I really wanted to show the compactness theorem because it is a beautiful one, and its use here is just ingenious. I doubt that is practical, however, for reasons mentioned in my OP.

I'm thinking of just mentioning the compactness theorem (not even stating it) as the underlying foundation and then saying something like: "'everything' true in R is true in *R (hyperreals) with the added fact that *R has an element, b, simultaneously satisfying the following (infinite set of) sentences {x>1, x>2, x>3, ...}," and then proceding with the construction.

Thoughts?

I think you need to decide whether you want your talk to be about Symbolic Logic and Model Theory or about the HyperReals. I don't think you will have time to give a full treatment of both. I don't think you can assume people know much about Symbolic Logic and Model Theory. In two stints of Graduate Studies in mathematics, 3 and 4 years, I was never exposed to the subject.

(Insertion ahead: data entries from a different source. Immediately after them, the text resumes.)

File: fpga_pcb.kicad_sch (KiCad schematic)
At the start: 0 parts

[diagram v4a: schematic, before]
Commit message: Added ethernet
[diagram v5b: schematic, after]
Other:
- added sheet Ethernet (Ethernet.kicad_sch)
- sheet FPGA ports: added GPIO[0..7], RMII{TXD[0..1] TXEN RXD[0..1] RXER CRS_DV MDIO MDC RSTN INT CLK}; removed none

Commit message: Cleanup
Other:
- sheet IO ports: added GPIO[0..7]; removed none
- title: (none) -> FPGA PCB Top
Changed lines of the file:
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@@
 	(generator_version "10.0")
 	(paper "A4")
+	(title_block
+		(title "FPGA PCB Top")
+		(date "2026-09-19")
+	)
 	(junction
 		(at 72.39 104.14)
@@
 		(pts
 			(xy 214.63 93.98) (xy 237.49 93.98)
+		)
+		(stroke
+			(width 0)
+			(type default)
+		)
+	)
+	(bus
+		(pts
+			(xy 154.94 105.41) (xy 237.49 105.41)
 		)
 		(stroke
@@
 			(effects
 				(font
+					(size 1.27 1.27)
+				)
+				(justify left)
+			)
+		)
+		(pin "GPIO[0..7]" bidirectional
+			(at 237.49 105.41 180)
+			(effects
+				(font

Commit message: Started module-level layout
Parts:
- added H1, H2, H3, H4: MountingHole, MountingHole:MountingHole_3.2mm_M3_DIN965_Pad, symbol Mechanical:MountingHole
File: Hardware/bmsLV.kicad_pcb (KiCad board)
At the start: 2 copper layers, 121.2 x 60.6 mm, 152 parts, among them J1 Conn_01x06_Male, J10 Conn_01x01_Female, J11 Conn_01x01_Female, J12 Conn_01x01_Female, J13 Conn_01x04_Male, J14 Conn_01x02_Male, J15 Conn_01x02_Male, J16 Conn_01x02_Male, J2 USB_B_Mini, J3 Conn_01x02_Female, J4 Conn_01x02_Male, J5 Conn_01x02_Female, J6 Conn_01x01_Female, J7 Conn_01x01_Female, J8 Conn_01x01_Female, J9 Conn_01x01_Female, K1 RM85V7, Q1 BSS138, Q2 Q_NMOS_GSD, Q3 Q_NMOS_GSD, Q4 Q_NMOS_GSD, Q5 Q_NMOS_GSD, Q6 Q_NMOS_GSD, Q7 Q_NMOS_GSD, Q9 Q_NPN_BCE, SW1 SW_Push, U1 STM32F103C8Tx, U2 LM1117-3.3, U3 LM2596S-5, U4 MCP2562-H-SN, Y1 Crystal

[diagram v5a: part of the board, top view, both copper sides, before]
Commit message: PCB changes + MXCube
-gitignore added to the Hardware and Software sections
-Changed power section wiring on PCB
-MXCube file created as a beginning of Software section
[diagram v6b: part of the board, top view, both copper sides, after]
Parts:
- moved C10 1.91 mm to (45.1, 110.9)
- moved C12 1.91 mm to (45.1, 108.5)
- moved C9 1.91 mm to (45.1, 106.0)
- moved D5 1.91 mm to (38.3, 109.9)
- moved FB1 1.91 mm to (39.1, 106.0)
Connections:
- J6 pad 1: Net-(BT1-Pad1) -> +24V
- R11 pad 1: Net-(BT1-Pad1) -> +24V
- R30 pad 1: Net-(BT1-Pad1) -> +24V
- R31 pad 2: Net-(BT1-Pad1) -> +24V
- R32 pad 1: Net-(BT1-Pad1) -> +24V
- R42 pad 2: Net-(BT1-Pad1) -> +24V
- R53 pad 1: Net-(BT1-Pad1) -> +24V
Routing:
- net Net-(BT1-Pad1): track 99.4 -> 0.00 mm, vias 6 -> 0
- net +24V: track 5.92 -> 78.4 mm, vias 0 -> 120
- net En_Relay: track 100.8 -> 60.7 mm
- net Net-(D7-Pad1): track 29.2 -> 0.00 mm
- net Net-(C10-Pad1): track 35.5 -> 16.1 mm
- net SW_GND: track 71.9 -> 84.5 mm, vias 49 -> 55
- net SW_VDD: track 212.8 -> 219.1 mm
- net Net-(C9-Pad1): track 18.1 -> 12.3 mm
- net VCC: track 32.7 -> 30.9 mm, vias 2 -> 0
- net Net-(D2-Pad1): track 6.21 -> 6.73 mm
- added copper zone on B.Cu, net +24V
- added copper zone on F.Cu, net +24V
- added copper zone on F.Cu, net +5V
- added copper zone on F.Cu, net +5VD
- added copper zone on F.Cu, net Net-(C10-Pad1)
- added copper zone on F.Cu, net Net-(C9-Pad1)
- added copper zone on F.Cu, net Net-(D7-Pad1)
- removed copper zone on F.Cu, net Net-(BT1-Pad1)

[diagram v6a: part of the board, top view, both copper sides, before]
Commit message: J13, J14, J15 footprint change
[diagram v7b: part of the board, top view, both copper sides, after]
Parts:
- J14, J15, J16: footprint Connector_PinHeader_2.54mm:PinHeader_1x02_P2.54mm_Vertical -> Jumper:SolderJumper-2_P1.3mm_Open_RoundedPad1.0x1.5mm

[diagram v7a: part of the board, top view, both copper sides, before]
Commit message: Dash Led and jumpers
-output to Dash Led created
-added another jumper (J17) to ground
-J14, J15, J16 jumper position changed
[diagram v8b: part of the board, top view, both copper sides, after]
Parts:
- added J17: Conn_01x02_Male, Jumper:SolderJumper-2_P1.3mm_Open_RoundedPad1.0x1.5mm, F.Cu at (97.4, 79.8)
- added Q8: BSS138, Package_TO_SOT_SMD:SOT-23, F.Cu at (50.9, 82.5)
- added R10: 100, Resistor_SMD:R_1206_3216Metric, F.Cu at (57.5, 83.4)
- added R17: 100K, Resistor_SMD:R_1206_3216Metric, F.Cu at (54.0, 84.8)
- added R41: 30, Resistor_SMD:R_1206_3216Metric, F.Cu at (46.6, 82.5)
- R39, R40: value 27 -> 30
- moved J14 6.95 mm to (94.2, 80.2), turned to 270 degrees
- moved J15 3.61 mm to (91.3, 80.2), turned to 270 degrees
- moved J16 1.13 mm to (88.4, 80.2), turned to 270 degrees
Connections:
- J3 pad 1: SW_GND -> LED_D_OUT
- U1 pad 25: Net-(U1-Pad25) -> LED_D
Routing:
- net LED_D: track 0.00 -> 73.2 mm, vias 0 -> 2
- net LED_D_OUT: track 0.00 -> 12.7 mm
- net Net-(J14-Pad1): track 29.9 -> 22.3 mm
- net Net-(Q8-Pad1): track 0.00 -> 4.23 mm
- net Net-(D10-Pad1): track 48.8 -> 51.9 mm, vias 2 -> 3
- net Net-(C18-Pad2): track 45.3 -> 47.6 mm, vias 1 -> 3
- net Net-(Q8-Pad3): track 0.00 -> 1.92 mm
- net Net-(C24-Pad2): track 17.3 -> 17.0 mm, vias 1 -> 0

Once you get the HyperReals you should be able to show some interesting things you can do with them. Do they really make things easier?

PairTheBoard

If your intention is just to show an interesting extension of the reals, I think you might find the surreals easier to develop without a bunch of background material than the hyperreals. It sounds to me from your first couple posts, however, that you're more interested in some of the background material you found of interest than in what you can do with the hyperreals.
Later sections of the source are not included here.